Drop every picture. Then return, exactly, the lines from the beginning of the listing below through the one containing "In plain terms, the".

(Beginning of RECORDS SUPPLIED)

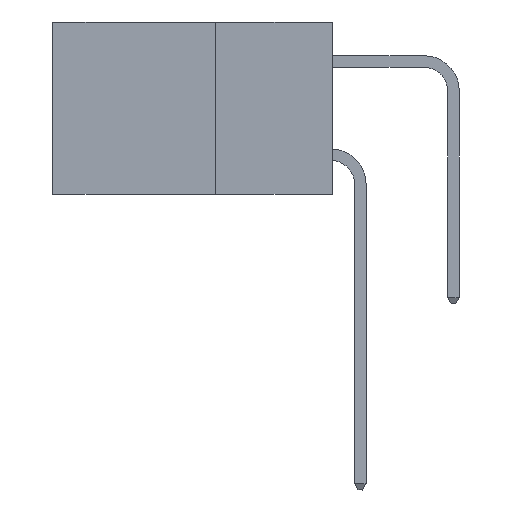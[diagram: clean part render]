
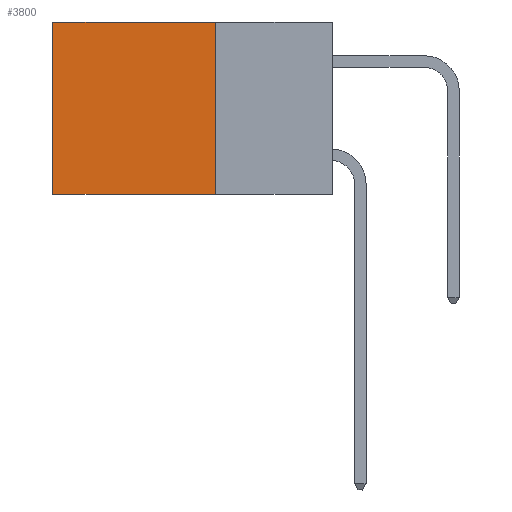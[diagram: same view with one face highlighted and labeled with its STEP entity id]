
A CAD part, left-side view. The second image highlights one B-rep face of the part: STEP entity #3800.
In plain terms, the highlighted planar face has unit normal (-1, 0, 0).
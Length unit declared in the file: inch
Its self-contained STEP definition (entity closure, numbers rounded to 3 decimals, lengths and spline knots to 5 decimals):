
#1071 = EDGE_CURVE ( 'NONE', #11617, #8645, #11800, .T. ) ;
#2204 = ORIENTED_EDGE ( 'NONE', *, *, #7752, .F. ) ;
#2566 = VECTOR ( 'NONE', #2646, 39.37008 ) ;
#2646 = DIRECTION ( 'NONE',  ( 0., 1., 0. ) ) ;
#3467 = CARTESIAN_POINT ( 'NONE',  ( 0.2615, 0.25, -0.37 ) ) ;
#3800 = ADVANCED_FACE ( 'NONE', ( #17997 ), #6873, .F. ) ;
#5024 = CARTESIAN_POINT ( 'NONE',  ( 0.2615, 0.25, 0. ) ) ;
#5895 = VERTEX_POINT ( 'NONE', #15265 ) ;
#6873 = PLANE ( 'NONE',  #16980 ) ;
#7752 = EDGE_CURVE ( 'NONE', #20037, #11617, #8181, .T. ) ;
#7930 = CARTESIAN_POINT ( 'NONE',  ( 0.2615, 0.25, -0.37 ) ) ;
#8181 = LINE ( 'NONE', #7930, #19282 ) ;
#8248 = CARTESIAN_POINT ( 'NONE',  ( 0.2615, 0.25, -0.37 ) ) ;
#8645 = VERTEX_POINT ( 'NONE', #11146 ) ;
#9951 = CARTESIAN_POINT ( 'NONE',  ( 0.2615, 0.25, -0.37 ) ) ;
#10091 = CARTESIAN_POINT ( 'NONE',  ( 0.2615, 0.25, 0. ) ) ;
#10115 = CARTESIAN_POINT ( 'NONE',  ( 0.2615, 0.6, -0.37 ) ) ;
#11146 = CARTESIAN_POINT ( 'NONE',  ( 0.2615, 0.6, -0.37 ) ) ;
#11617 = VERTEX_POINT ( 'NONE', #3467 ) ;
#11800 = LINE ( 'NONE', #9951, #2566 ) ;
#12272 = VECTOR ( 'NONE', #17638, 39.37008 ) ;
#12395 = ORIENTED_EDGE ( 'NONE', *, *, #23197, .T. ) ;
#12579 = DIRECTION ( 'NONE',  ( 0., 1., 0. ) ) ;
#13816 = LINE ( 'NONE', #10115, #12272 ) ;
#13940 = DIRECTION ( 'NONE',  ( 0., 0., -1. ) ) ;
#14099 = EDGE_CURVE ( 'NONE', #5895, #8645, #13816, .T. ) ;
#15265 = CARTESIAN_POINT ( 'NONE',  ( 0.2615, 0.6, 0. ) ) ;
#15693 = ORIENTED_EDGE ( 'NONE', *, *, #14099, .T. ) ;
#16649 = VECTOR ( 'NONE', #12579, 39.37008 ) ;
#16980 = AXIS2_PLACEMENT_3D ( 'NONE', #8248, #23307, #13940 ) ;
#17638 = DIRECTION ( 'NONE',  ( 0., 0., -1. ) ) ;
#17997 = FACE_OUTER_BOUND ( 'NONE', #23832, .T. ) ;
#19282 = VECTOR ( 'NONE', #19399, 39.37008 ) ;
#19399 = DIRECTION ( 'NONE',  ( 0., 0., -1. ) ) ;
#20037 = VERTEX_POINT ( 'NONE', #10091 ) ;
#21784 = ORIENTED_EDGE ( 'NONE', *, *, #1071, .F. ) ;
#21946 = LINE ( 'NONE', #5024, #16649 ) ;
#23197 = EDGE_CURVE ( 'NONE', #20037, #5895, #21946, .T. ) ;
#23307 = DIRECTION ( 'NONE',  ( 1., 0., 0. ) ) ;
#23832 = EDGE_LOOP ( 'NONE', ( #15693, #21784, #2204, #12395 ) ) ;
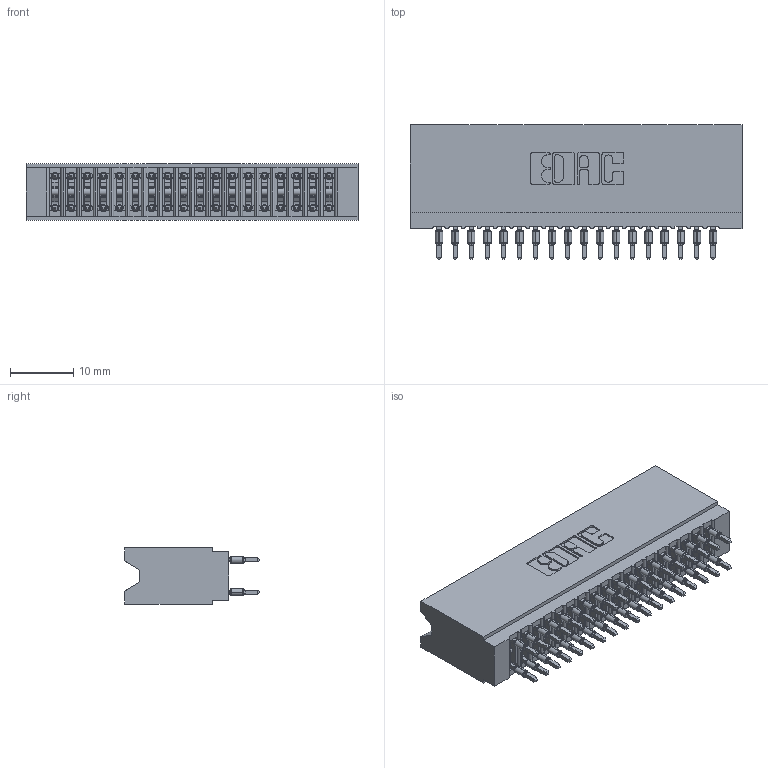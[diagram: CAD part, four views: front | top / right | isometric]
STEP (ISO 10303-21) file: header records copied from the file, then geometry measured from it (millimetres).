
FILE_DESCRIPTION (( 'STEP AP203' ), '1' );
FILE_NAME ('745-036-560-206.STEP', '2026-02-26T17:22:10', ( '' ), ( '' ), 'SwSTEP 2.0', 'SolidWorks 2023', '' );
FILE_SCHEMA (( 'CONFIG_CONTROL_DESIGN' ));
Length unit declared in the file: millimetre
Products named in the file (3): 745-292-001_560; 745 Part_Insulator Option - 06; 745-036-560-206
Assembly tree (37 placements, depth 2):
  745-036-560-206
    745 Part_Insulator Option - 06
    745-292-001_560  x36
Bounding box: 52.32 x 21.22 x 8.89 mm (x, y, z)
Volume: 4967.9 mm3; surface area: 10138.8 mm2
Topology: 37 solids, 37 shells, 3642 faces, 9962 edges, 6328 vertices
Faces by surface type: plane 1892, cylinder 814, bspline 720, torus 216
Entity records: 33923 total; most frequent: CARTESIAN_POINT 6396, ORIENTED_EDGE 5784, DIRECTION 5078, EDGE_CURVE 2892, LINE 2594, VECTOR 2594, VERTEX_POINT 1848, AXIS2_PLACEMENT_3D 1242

(End of RECORDS SUPPLIED)

TASK RESULT ▸
[diagram: clean part render]
[diagram: same view with one face highlighted and labeled with its STEP entity id]
A CAD part, left-side view. The second image highlights one B-rep face of the part: STEP entity #3800.
In plain terms, the highlighted planar face has unit normal (-1, 0, 0).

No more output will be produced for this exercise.